(Beginning of MATERIAL FOR THE TASK)

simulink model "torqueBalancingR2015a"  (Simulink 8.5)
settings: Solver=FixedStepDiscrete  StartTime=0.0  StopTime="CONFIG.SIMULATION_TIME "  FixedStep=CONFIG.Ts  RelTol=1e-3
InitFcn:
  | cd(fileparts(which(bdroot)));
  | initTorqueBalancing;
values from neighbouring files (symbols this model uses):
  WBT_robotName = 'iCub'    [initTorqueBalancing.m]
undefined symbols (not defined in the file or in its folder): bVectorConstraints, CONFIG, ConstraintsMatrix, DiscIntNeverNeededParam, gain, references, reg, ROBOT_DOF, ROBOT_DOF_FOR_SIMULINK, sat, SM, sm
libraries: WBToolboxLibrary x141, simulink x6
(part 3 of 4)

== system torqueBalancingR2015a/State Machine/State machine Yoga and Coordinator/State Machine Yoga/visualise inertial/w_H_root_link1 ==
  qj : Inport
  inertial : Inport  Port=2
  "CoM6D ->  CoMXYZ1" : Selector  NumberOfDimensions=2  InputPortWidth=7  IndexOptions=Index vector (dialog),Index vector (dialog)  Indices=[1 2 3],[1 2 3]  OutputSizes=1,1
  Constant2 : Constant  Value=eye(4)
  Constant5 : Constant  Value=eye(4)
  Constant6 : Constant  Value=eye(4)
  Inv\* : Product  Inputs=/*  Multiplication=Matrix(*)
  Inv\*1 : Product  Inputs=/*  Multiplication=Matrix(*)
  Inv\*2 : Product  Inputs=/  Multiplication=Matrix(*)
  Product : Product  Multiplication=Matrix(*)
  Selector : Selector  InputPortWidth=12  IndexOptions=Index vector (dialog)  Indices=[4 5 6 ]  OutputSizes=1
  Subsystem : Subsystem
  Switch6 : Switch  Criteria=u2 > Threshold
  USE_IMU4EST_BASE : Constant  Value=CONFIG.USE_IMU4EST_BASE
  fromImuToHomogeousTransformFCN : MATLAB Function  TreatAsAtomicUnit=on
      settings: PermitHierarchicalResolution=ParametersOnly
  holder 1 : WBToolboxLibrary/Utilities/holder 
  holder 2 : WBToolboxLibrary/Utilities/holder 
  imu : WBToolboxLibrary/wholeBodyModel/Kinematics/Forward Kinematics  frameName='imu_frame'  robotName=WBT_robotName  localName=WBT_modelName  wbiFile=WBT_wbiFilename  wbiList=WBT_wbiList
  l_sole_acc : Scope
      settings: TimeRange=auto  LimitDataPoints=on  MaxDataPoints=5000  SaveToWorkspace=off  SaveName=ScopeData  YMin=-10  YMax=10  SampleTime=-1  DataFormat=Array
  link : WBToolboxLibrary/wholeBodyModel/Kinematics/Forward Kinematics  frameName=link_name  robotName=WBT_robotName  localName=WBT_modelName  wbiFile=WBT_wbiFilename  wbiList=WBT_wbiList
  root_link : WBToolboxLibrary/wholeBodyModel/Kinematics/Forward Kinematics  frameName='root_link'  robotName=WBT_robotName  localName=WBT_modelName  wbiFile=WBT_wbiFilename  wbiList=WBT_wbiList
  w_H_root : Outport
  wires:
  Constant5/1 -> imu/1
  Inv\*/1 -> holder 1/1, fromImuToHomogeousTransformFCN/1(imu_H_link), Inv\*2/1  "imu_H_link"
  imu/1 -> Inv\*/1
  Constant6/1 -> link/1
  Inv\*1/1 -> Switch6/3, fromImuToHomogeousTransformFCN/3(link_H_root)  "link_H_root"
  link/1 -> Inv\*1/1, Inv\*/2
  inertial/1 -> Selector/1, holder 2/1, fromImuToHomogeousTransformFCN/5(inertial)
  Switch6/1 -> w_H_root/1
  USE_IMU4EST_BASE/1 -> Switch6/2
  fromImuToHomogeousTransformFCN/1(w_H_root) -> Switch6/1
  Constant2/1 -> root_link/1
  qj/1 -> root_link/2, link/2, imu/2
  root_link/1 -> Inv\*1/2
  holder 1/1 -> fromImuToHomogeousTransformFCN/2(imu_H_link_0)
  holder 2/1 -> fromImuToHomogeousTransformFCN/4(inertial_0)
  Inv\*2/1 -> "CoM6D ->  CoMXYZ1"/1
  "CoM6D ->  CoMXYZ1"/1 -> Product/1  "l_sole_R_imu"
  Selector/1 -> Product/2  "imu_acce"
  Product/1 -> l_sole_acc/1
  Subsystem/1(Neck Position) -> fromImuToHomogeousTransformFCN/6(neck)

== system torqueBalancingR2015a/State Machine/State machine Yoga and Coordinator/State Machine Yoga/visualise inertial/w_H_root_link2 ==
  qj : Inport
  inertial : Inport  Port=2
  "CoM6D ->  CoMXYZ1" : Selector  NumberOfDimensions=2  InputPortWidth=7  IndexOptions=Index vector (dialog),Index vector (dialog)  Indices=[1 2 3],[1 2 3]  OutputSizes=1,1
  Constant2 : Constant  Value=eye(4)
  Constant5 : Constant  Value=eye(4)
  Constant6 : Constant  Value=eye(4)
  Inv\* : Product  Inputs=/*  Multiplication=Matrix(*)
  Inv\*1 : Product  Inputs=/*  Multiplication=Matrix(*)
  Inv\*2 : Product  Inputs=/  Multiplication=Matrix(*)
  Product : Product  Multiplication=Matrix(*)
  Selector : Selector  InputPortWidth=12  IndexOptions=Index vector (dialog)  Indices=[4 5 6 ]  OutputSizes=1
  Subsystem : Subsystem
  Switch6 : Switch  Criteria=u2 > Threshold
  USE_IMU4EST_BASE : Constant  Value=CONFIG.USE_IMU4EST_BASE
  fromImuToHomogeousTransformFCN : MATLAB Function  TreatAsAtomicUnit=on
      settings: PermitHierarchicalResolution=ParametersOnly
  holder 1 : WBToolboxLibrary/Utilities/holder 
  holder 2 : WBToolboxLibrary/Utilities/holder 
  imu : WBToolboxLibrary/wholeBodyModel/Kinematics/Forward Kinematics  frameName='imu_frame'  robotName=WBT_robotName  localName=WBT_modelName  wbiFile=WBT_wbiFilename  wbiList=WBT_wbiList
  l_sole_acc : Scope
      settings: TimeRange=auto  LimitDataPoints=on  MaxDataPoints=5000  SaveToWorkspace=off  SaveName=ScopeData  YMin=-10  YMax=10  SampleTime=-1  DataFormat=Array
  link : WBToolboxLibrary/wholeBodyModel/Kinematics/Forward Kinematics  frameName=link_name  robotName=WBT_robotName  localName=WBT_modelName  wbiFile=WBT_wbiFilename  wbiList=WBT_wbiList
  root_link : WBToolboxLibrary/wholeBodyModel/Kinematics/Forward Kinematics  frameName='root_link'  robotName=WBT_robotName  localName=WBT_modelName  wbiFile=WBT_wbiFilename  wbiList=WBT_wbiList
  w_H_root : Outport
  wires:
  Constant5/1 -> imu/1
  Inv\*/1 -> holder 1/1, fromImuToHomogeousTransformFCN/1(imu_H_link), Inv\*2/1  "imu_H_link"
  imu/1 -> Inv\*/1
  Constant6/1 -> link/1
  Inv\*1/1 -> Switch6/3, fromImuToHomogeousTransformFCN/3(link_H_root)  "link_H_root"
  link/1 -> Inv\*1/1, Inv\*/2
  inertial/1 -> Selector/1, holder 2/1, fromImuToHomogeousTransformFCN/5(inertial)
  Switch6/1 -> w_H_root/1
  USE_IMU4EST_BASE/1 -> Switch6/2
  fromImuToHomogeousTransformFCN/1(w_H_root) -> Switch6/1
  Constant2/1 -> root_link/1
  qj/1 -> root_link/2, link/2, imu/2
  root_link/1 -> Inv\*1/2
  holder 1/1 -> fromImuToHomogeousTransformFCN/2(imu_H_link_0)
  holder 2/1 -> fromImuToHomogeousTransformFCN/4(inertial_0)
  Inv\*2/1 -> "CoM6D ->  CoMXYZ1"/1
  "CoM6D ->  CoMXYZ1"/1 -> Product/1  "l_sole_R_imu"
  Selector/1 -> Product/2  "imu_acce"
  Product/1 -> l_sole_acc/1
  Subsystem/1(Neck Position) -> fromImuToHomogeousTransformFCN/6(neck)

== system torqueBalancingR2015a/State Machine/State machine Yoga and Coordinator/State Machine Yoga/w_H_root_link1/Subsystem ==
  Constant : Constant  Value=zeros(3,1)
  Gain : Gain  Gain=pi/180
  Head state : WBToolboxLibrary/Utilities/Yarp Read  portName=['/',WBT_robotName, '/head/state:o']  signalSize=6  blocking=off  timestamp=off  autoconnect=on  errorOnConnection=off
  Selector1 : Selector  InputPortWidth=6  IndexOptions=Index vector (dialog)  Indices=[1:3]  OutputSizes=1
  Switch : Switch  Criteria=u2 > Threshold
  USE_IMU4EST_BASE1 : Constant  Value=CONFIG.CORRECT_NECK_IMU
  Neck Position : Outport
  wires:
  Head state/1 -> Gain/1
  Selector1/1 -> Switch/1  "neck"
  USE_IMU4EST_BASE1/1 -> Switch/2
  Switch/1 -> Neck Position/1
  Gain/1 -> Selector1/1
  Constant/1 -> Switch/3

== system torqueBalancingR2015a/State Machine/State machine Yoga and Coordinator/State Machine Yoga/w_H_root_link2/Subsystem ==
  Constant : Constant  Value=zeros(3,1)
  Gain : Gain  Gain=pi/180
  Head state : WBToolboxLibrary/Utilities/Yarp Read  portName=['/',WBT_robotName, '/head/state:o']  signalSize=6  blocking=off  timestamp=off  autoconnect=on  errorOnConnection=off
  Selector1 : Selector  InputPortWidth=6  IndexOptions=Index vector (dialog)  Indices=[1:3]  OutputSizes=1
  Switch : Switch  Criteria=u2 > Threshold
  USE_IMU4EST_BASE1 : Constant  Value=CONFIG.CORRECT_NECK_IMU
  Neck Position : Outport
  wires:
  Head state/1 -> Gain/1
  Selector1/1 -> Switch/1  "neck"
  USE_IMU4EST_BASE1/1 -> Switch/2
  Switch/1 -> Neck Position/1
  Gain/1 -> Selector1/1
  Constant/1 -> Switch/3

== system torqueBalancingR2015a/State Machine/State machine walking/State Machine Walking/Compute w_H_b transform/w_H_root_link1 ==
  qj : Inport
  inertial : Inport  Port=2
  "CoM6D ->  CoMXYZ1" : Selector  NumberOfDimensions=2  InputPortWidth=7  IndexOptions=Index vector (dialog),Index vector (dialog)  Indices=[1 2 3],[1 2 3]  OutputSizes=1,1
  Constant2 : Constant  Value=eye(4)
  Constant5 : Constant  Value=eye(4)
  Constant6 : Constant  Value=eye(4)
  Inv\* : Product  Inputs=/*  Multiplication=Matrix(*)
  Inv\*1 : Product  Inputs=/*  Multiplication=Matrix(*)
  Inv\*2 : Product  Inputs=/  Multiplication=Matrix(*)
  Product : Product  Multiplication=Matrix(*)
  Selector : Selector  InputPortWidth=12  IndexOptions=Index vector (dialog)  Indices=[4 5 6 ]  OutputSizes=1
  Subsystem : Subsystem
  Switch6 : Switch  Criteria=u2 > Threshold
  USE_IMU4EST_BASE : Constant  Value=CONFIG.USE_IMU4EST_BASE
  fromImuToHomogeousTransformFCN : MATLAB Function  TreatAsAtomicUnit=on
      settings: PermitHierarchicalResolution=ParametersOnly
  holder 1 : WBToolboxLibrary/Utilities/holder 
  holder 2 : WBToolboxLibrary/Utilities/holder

(End of MATERIAL FOR THE TASK)

YOUR INSTRUCTIONS:
All lines that contain the word "initTorqueBalancing" must be copied from the records above.

ANSWER TO THE EXERCISE:
  | initTorqueBalancing;
  WBT_robotName = 'iCub'    [initTorqueBalancing.m]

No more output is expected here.